WORK TO BE COMPLETED
The answer should be an exact copy of the lines from the one with "- net TactSW2: now also J3.12 (Pin_12)" through the end of the listing below, with no other lines.

#### RECORDS FOR THIS EXERCISE

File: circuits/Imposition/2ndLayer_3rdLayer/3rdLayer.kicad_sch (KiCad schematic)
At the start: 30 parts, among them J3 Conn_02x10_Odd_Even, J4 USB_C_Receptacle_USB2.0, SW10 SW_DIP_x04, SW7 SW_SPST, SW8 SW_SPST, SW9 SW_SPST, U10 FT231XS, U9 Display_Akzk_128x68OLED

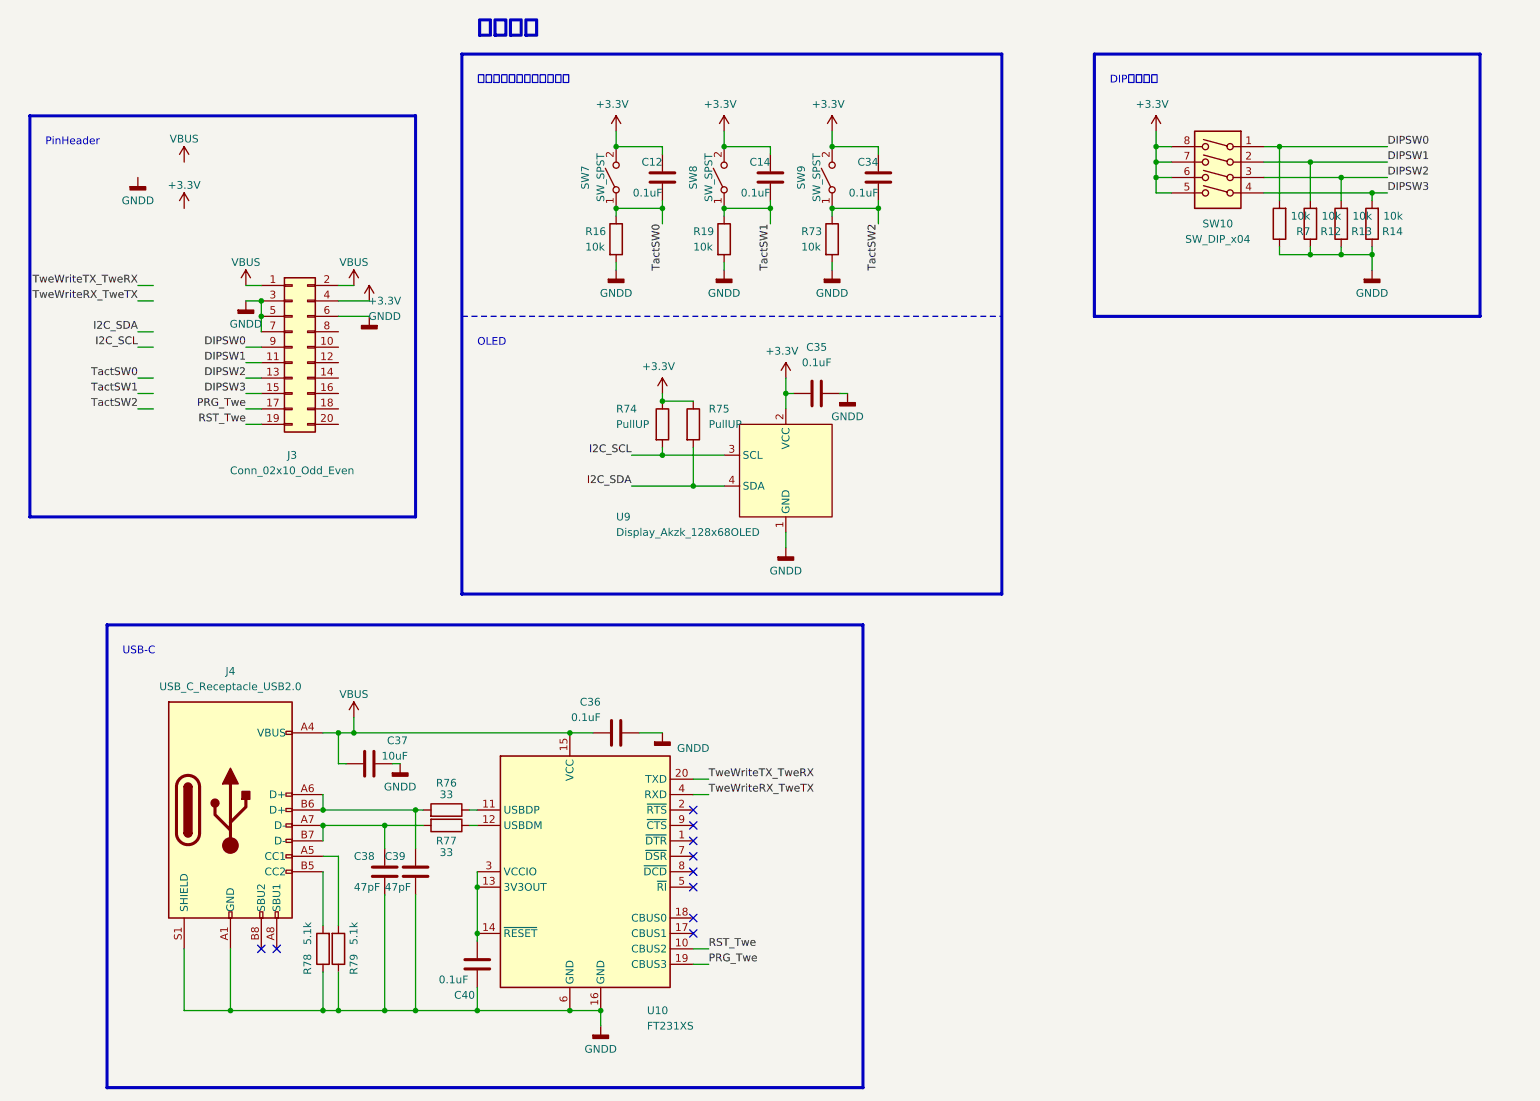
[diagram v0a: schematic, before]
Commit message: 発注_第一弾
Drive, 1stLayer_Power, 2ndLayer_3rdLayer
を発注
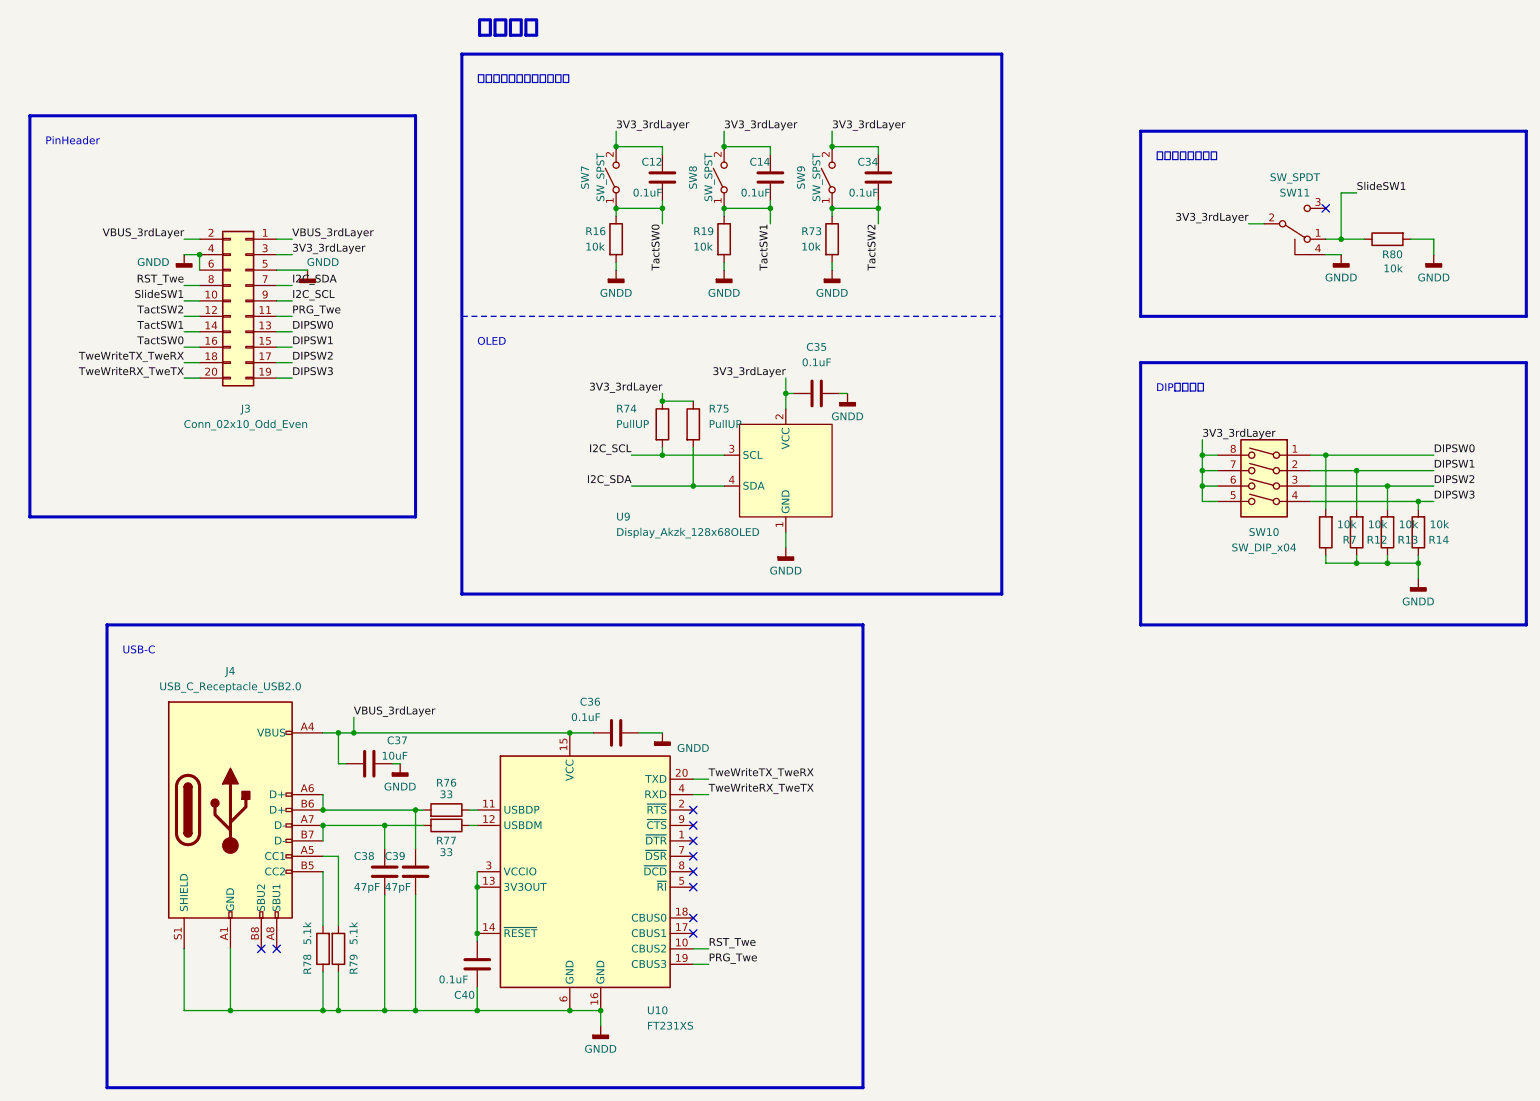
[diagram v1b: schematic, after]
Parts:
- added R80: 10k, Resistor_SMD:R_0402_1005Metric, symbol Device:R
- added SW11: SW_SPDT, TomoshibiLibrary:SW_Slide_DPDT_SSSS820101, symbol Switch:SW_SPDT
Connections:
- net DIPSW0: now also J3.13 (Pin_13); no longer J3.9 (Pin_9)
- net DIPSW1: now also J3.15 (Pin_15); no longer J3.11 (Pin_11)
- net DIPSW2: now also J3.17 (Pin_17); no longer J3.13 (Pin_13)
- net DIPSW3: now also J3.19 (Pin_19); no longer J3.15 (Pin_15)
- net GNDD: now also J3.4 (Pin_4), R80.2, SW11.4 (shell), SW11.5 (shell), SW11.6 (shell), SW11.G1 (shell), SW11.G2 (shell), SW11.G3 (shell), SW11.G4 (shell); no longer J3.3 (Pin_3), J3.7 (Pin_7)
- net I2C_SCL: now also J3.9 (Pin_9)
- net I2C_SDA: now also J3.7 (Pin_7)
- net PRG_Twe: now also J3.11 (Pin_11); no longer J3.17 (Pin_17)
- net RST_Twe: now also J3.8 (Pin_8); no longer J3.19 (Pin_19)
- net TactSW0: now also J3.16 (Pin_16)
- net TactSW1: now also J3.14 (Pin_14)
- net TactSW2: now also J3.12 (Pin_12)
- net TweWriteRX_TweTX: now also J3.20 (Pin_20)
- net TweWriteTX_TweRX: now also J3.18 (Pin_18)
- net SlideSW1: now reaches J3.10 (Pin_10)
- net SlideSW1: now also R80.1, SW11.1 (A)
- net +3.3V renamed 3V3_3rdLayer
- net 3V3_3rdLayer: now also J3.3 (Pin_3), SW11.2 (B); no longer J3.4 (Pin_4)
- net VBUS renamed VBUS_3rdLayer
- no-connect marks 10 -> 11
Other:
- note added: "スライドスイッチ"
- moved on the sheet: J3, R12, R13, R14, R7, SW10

########

EXERCISE ANSWER
- net TactSW2: now also J3.12 (Pin_12)
- net TweWriteRX_TweTX: now also J3.20 (Pin_20)
- net TweWriteTX_TweRX: now also J3.18 (Pin_18)
- net SlideSW1: now reaches J3.10 (Pin_10)
- net SlideSW1: now also R80.1, SW11.1 (A)
- net +3.3V renamed 3V3_3rdLayer
- net 3V3_3rdLayer: now also J3.3 (Pin_3), SW11.2 (B); no longer J3.4 (Pin_4)
- net VBUS renamed VBUS_3rdLayer
- no-connect marks 10 -> 11
Other:
- note added: "スライドスイッチ"
- moved on the sheet: J3, R12, R13, R14, R7, SW10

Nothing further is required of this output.